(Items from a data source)
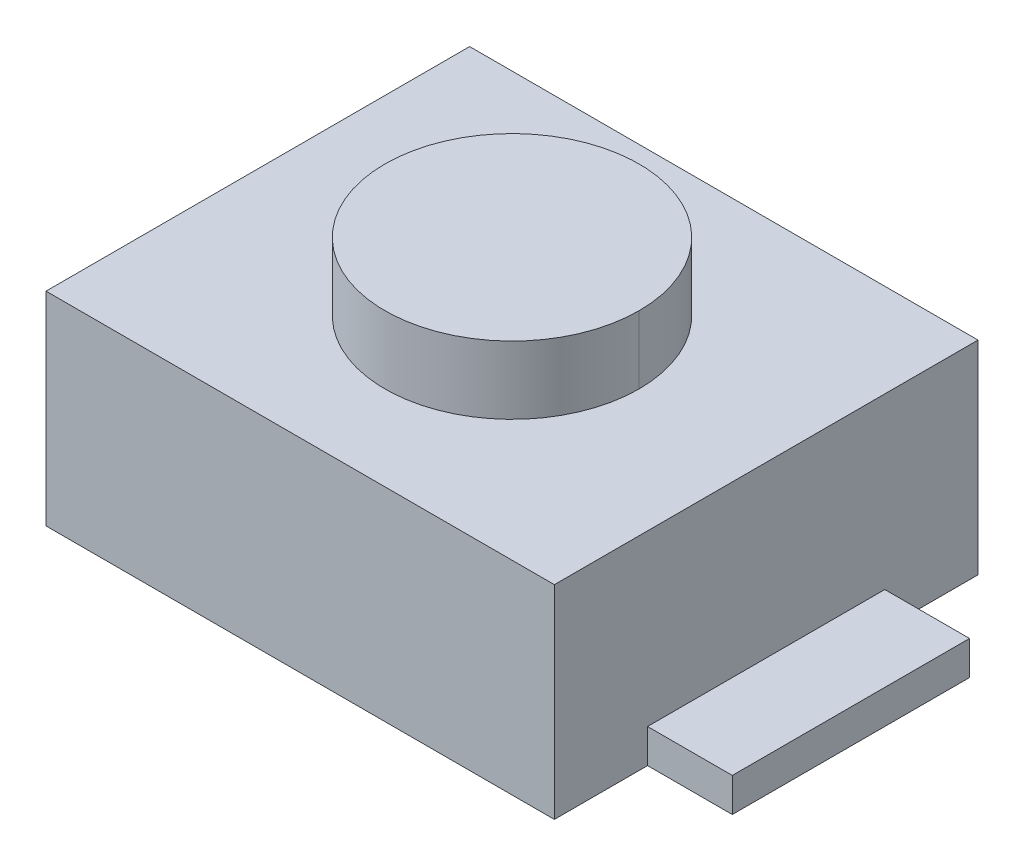
ISO-10303-21;
HEADER;
FILE_DESCRIPTION(('STEP AP214'),'2;1');
FILE_NAME('part.step','',(''),(''),'','','');
FILE_SCHEMA(('AUTOMOTIVE_DESIGN { 1 0 10303 214 1 1 1 1 }'));
ENDSEC;
DATA;
#1=APPLICATION_CONTEXT('core data for automotive mechanical design processes');
#2=APPLICATION_PROTOCOL_DEFINITION('international standard','automotive_design',2000,#1);
#3=PRODUCT_CONTEXT('',#1,'mechanical');
#4=PRODUCT('Part','Part','',(#3));
#5=PRODUCT_RELATED_PRODUCT_CATEGORY('part','',(#4));
#6=PRODUCT_DEFINITION_FORMATION('','',#4);
#7=PRODUCT_DEFINITION_CONTEXT('part definition',#1,'design');
#8=PRODUCT_DEFINITION('design','',#6,#7);
#9=PRODUCT_DEFINITION_SHAPE('','',#8);
#10=(LENGTH_UNIT() NAMED_UNIT(*) SI_UNIT(.MILLI.,.METRE.));
#11=(NAMED_UNIT(*) PLANE_ANGLE_UNIT() SI_UNIT($,.RADIAN.));
#12=(NAMED_UNIT(*) SI_UNIT($,.STERADIAN.) SOLID_ANGLE_UNIT());
#13=UNCERTAINTY_MEASURE_WITH_UNIT(LENGTH_MEASURE(1.E-05),#10,'distance_accuracy_value','');
#14=(GEOMETRIC_REPRESENTATION_CONTEXT(3) GLOBAL_UNCERTAINTY_ASSIGNED_CONTEXT((#13)) GLOBAL_UNIT_ASSIGNED_CONTEXT((#10,
#11,#12)) REPRESENTATION_CONTEXT('',''));
#15=CARTESIAN_POINT('',(0.,0.,0.));
#16=DIRECTION('',(0.,0.,1.));
#17=DIRECTION('',(1.,0.,0.));
#18=AXIS2_PLACEMENT_3D('',#15,#16,#17);
#19=CARTESIAN_POINT('',(0.,1.3,0.));
#20=DIRECTION('',(0.,-1.,0.));
#21=DIRECTION('',(0.,0.,1.));
#22=AXIS2_PLACEMENT_3D('',#19,#20,#21);
#23=CYLINDRICAL_SURFACE('',#22,0.75);
#24=DIRECTION('',(0.,1.,0.));
#25=VECTOR('',#24,1.);
#26=CARTESIAN_POINT('',(0.75,1.3,0.));
#27=LINE('',#26,#25);
#28=CARTESIAN_POINT('',(0.75,1.2,0.));
#29=VERTEX_POINT('',#28);
#30=CARTESIAN_POINT('',(0.75,1.6,0.));
#31=VERTEX_POINT('',#30);
#32=EDGE_CURVE('E11',#29,#31,#27,.T.);
#33=ORIENTED_EDGE('',*,*,#32,.F.);
#34=CARTESIAN_POINT('',(0.,1.2,0.));
#35=DIRECTION('',(0.,-1.,0.));
#36=DIRECTION('',(1.,0.,0.));
#37=AXIS2_PLACEMENT_3D('',#34,#35,#36);
#38=CIRCLE('',#37,0.75);
#39=CARTESIAN_POINT('',(-0.75,1.2,0.));
#40=VERTEX_POINT('',#39);
#41=EDGE_CURVE('E25',#40,#29,#38,.T.);
#42=ORIENTED_EDGE('',*,*,#41,.F.);
#43=DIRECTION('',(0.,-1.,0.));
#44=VECTOR('',#43,1.);
#45=CARTESIAN_POINT('',(-0.75,1.3,0.));
#46=LINE('',#45,#44);
#47=CARTESIAN_POINT('',(-0.75,1.6,0.));
#48=VERTEX_POINT('',#47);
#49=EDGE_CURVE('E303',#48,#40,#46,.T.);
#50=ORIENTED_EDGE('',*,*,#49,.F.);
#51=CARTESIAN_POINT('',(0.,1.6,0.));
#52=DIRECTION('',(0.,1.,0.));
#53=DIRECTION('',(1.,0.,0.));
#54=AXIS2_PLACEMENT_3D('',#51,#52,#53);
#55=CIRCLE('',#54,0.75);
#56=EDGE_CURVE('E298',#31,#48,#55,.T.);
#57=ORIENTED_EDGE('',*,*,#56,.F.);
#58=EDGE_LOOP('',(#33,#42,#50,#57));
#59=FACE_BOUND('',#58,.T.);
#60=ADVANCED_FACE('F17',(#59),#23,.T.);
#61=CARTESIAN_POINT('',(0.,1.6,0.));
#62=DIRECTION('',(0.,1.,0.));
#63=DIRECTION('',(1.,0.,0.));
#64=AXIS2_PLACEMENT_3D('',#61,#62,#63);
#65=PLANE('',#64);
#66=ORIENTED_EDGE('',*,*,#56,.T.);
#67=CARTESIAN_POINT('',(0.,1.6,0.));
#68=DIRECTION('',(0.,1.,0.));
#69=DIRECTION('',(1.,0.,0.));
#70=AXIS2_PLACEMENT_3D('',#67,#68,#69);
#71=CIRCLE('',#70,0.75);
#72=EDGE_CURVE('E293',#48,#31,#71,.T.);
#73=ORIENTED_EDGE('',*,*,#72,.T.);
#74=EDGE_LOOP('',(#66,#73));
#75=FACE_BOUND('',#74,.T.);
#76=ADVANCED_FACE('F317',(#75),#65,.T.);
#77=CARTESIAN_POINT('',(0.,1.3,0.));
#78=DIRECTION('',(0.,-1.,0.));
#79=DIRECTION('',(0.,0.,-1.));
#80=AXIS2_PLACEMENT_3D('',#77,#78,#79);
#81=CYLINDRICAL_SURFACE('',#80,0.75);
#82=ORIENTED_EDGE('',*,*,#32,.T.);
#83=ORIENTED_EDGE('',*,*,#72,.F.);
#84=ORIENTED_EDGE('',*,*,#49,.T.);
#85=CARTESIAN_POINT('',(0.,1.2,0.));
#86=DIRECTION('',(0.,-1.,0.));
#87=DIRECTION('',(1.,0.,0.));
#88=AXIS2_PLACEMENT_3D('',#85,#86,#87);
#89=CIRCLE('',#88,0.75);
#90=EDGE_CURVE('E288',#29,#40,#89,.T.);
#91=ORIENTED_EDGE('',*,*,#90,.F.);
#92=EDGE_LOOP('',(#82,#83,#84,#91));
#93=FACE_BOUND('',#92,.T.);
#94=ADVANCED_FACE('F314',(#93),#81,.T.);
#95=CARTESIAN_POINT('',(0.,1.2,0.));
#96=DIRECTION('',(0.,-1.,0.));
#97=DIRECTION('',(0.,0.,-1.));
#98=AXIS2_PLACEMENT_3D('',#95,#96,#97);
#99=PLANE('',#98);
#100=DIRECTION('',(0.,0.,-1.));
#101=VECTOR('',#100,1.);
#102=CARTESIAN_POINT('',(1.5,1.2,0.));
#103=LINE('',#102,#101);
#104=CARTESIAN_POINT('',(1.5,1.2,1.25));
#105=VERTEX_POINT('',#104);
#106=CARTESIAN_POINT('',(1.5,1.2,-1.25));
#107=VERTEX_POINT('',#106);
#108=EDGE_CURVE('E284',#105,#107,#103,.T.);
#109=ORIENTED_EDGE('',*,*,#108,.T.);
#110=DIRECTION('',(1.,0.,0.));
#111=VECTOR('',#110,1.);
#112=CARTESIAN_POINT('',(0.,1.2,-1.25));
#113=LINE('',#112,#111);
#114=CARTESIAN_POINT('',(-1.5,1.2,-1.25));
#115=VERTEX_POINT('',#114);
#116=EDGE_CURVE('E279',#115,#107,#113,.T.);
#117=ORIENTED_EDGE('',*,*,#116,.F.);
#118=DIRECTION('',(0.,0.,-1.));
#119=VECTOR('',#118,1.);
#120=CARTESIAN_POINT('',(-1.5,1.2,0.));
#121=LINE('',#120,#119);
#122=CARTESIAN_POINT('',(-1.5,1.2,1.25));
#123=VERTEX_POINT('',#122);
#124=EDGE_CURVE('E274',#123,#115,#121,.T.);
#125=ORIENTED_EDGE('',*,*,#124,.F.);
#126=DIRECTION('',(-1.,0.,0.));
#127=VECTOR('',#126,1.);
#128=CARTESIAN_POINT('',(0.,1.2,1.25));
#129=LINE('',#128,#127);
#130=EDGE_CURVE('E269',#105,#123,#129,.T.);
#131=ORIENTED_EDGE('',*,*,#130,.F.);
#132=EDGE_LOOP('',(#109,#117,#125,#131));
#133=FACE_BOUND('',#132,.T.);
#134=ORIENTED_EDGE('',*,*,#41,.T.);
#135=ORIENTED_EDGE('',*,*,#90,.T.);
#136=EDGE_LOOP('',(#134,#135));
#137=FACE_BOUND('',#136,.T.);
#138=ADVANCED_FACE('F312',(#133,#137),#99,.F.);
#139=CARTESIAN_POINT('',(0.,0.6,1.25));
#140=DIRECTION('',(0.,0.,1.));
#141=DIRECTION('',(1.,0.,0.));
#142=AXIS2_PLACEMENT_3D('',#139,#140,#141);
#143=PLANE('',#142);
#144=DIRECTION('',(0.,1.,0.));
#145=VECTOR('',#144,1.);
#146=CARTESIAN_POINT('',(1.5,0.6,1.25));
#147=LINE('',#146,#145);
#148=CARTESIAN_POINT('',(1.5,0.,1.25));
#149=VERTEX_POINT('',#148);
#150=EDGE_CURVE('E264',#149,#105,#147,.T.);
#151=ORIENTED_EDGE('',*,*,#150,.T.);
#152=ORIENTED_EDGE('',*,*,#130,.T.);
#153=DIRECTION('',(0.,-1.,0.));
#154=VECTOR('',#153,1.);
#155=CARTESIAN_POINT('',(-1.5,0.6,1.25));
#156=LINE('',#155,#154);
#157=CARTESIAN_POINT('',(-1.5,0.,1.25));
#158=VERTEX_POINT('',#157);
#159=EDGE_CURVE('E260',#123,#158,#156,.T.);
#160=ORIENTED_EDGE('',*,*,#159,.T.);
#161=DIRECTION('',(1.,0.,0.));
#162=VECTOR('',#161,1.);
#163=CARTESIAN_POINT('',(0.,0.,1.25));
#164=LINE('',#163,#162);
#165=EDGE_CURVE('E256',#158,#149,#164,.T.);
#166=ORIENTED_EDGE('',*,*,#165,.T.);
#167=EDGE_LOOP('',(#151,#152,#160,#166));
#168=FACE_BOUND('',#167,.T.);
#169=ADVANCED_FACE('F328',(#168),#143,.T.);
#170=CARTESIAN_POINT('',(0.,0.,0.));
#171=DIRECTION('',(0.,1.,0.));
#172=DIRECTION('',(1.,0.,0.));
#173=AXIS2_PLACEMENT_3D('',#170,#171,#172);
#174=PLANE('',#173);
#175=DIRECTION('',(0.,0.,-1.));
#176=VECTOR('',#175,1.);
#177=CARTESIAN_POINT('',(1.5,0.,0.));
#178=LINE('',#177,#176);
#179=CARTESIAN_POINT('',(1.5,0.,0.7));
#180=VERTEX_POINT('',#179);
#181=EDGE_CURVE('E251',#149,#180,#178,.T.);
#182=ORIENTED_EDGE('',*,*,#181,.F.);
#183=ORIENTED_EDGE('',*,*,#165,.F.);
#184=DIRECTION('',(0.,0.,-1.));
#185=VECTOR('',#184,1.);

* What to do *
Starting at the line that has "#36=DIRECTION('',(1.,0.,0.));" and ending at the line that has "#68=DIRECTION('',(0.,1.,0.));", please write out the lines above exactly, leaving out all others.

* Finished task *
#36=DIRECTION('',(1.,0.,0.));
#37=AXIS2_PLACEMENT_3D('',#34,#35,#36);
#38=CIRCLE('',#37,0.75);
#39=CARTESIAN_POINT('',(-0.75,1.2,0.));
#40=VERTEX_POINT('',#39);
#41=EDGE_CURVE('E25',#40,#29,#38,.T.);
#42=ORIENTED_EDGE('',*,*,#41,.F.);
#43=DIRECTION('',(0.,-1.,0.));
#44=VECTOR('',#43,1.);
#45=CARTESIAN_POINT('',(-0.75,1.3,0.));
#46=LINE('',#45,#44);
#47=CARTESIAN_POINT('',(-0.75,1.6,0.));
#48=VERTEX_POINT('',#47);
#49=EDGE_CURVE('E303',#48,#40,#46,.T.);
#50=ORIENTED_EDGE('',*,*,#49,.F.);
#51=CARTESIAN_POINT('',(0.,1.6,0.));
#52=DIRECTION('',(0.,1.,0.));
#53=DIRECTION('',(1.,0.,0.));
#54=AXIS2_PLACEMENT_3D('',#51,#52,#53);
#55=CIRCLE('',#54,0.75);
#56=EDGE_CURVE('E298',#31,#48,#55,.T.);
#57=ORIENTED_EDGE('',*,*,#56,.F.);
#58=EDGE_LOOP('',(#33,#42,#50,#57));
#59=FACE_BOUND('',#58,.T.);
#60=ADVANCED_FACE('F17',(#59),#23,.T.);
#61=CARTESIAN_POINT('',(0.,1.6,0.));
#62=DIRECTION('',(0.,1.,0.));
#63=DIRECTION('',(1.,0.,0.));
#64=AXIS2_PLACEMENT_3D('',#61,#62,#63);
#65=PLANE('',#64);
#66=ORIENTED_EDGE('',*,*,#56,.T.);
#67=CARTESIAN_POINT('',(0.,1.6,0.));
#68=DIRECTION('',(0.,1.,0.));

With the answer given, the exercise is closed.